Content starts

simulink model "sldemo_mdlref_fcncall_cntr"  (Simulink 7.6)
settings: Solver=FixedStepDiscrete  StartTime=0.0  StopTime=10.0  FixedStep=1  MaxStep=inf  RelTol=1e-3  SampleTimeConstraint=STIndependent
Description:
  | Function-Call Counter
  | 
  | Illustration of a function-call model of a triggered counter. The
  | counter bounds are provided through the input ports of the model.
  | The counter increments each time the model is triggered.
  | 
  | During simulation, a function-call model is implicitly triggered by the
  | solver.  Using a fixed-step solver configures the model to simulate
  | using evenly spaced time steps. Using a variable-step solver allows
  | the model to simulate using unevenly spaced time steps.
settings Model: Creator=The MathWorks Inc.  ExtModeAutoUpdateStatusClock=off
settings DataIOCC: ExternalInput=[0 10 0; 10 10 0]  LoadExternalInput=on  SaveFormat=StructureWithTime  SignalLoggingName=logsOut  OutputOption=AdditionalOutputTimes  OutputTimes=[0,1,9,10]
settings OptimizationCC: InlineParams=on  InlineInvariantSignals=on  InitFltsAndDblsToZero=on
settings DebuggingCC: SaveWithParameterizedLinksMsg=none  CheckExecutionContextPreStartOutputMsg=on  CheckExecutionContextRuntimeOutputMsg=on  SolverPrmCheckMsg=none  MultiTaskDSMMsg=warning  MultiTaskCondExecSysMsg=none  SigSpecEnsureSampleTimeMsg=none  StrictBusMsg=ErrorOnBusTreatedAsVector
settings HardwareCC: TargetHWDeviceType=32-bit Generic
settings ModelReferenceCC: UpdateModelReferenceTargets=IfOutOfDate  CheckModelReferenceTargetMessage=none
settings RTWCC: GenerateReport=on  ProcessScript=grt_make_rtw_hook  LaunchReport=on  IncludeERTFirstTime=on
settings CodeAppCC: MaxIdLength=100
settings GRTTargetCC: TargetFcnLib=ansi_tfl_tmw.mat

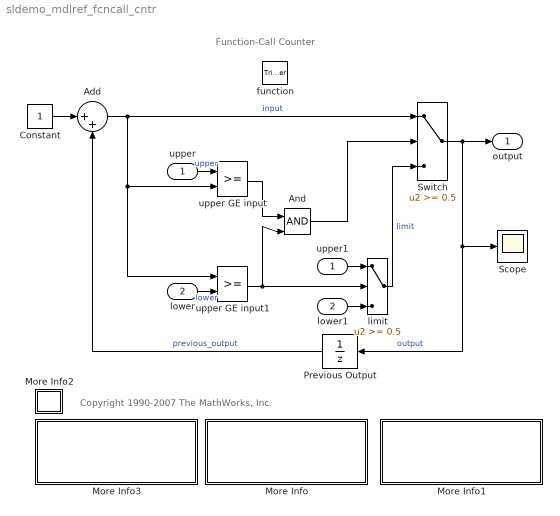
== system sldemo_mdlref_fcncall_cntr ==
  note: Copyright 1990-2007 The MathWorks, Inc.
  note: Function-Call Counter
  upper : Inport
  lower : Inport  Port=2
  function : TriggerPort  TriggerType=function-call  SampleTime=0.5
  " limit" : Switch  Threshold=0.5  SaturateOnIntegerOverflow=on  InputSameDT=on
  Add : Sum  Inputs=|++
  And : Logic  IconShape=distinctive
      settings: AttributesFormatString=%<Operator>
  Constant : Constant
  More Info : Subsystem
      settings: OpenFcn=|
      | set_param(bdroot(gcb),'Solver','FixedStepDiscrete');
      | set_param(bdroot(gcb),'SampleTimeConstraint', 'Unconstrained');
      | set_param(bdroot(gcb),'FixedStep','1');
      | set_param(bdroot(gcb),'SolverMode','Auto');
      mask Display: disp('Fixed-step solver\nTs=1\n(double-click)');
  More Info1 : Subsystem
      settings: OpenFcn=|
      | set_param(bdroot(gcb),'Solver','VariableStepDiscrete');
      | set_param(bdroot(gcb),'MaxStep','inf');
      | set_param(bdroot(gcb),'OutputOption','AdditionalOutputTimes');
      | set_param(bdroot(gcb),'OutputTimes','[0,1,9,10]');
      mask Display: disp('Variable-step solver\n T=[0,1,9,10]\n(double-click)');
  More Info2 : Subsystem
      settings: OpenFcn=showdemo(bdroot(gcs))
      mask Display: disp('?')
  More Info3 : Subsystem
      settings: OpenFcn=|
      | set_param(bdroot(gcb),'Solver','FixedStepDiscrete');
      | set_param(bdroot(gcb),'SampleTimeConstraint','STIndependent');
      mask Display: disp('Fixed-step solver\nSample-Time Independent\n(double-click)');
  Previous Output : UnitDelay  SampleTime=-1
  Scope : Scope
      settings: TimeRange=10  YMin=0  YMax=10
  Switch : Switch  Threshold=0.5  SaturateOnIntegerOverflow=on  InputSameDT=on
  lower1 : InportShadow  Port=2
  upper GE input : RelationalOperator  Priority=0  InputSameDT=on
      settings: AttributesFormatString=\n
  upper GE input1 : RelationalOperator  Priority=0  InputSameDT=on
      settings: AttributesFormatString=\n
  upper1 : InportShadow  Port=1
  output : Outport
  wires:
  Switch/1 -> output/1, Previous Output/1, Scope/1  "output"
  " limit"/1 -> Switch/3  "limit"
  upper GE input/1 -> And/1
  Previous Output/1 -> Add/2  "previous_output"
  upper/1 -> upper GE input/1  "upper"
  upper GE input1/1 -> And/2, " limit"/2
  And/1 -> Switch/2
  Add/1 -> Switch/1, upper GE input/2, upper GE input1/1  "input"
  Constant/1 -> Add/1
  lower/1 -> upper GE input1/2  "lower"
  upper1/1 -> " limit"/1
  lower1/1 -> " limit"/3

== system sldemo_mdlref_fcncall_cntr/More Info ==

== system sldemo_mdlref_fcncall_cntr/More Info1 ==

== system sldemo_mdlref_fcncall_cntr/More Info2 ==

== system sldemo_mdlref_fcncall_cntr/More Info3 ==

Content ends

Would you copy every line of the entries that includes the word "Previous"?

### Answer section:
  Previous Output : UnitDelay  SampleTime=-1
  Switch/1 -> output/1, Previous Output/1, Scope/1  "output"
  Previous Output/1 -> Add/2  "previous_output"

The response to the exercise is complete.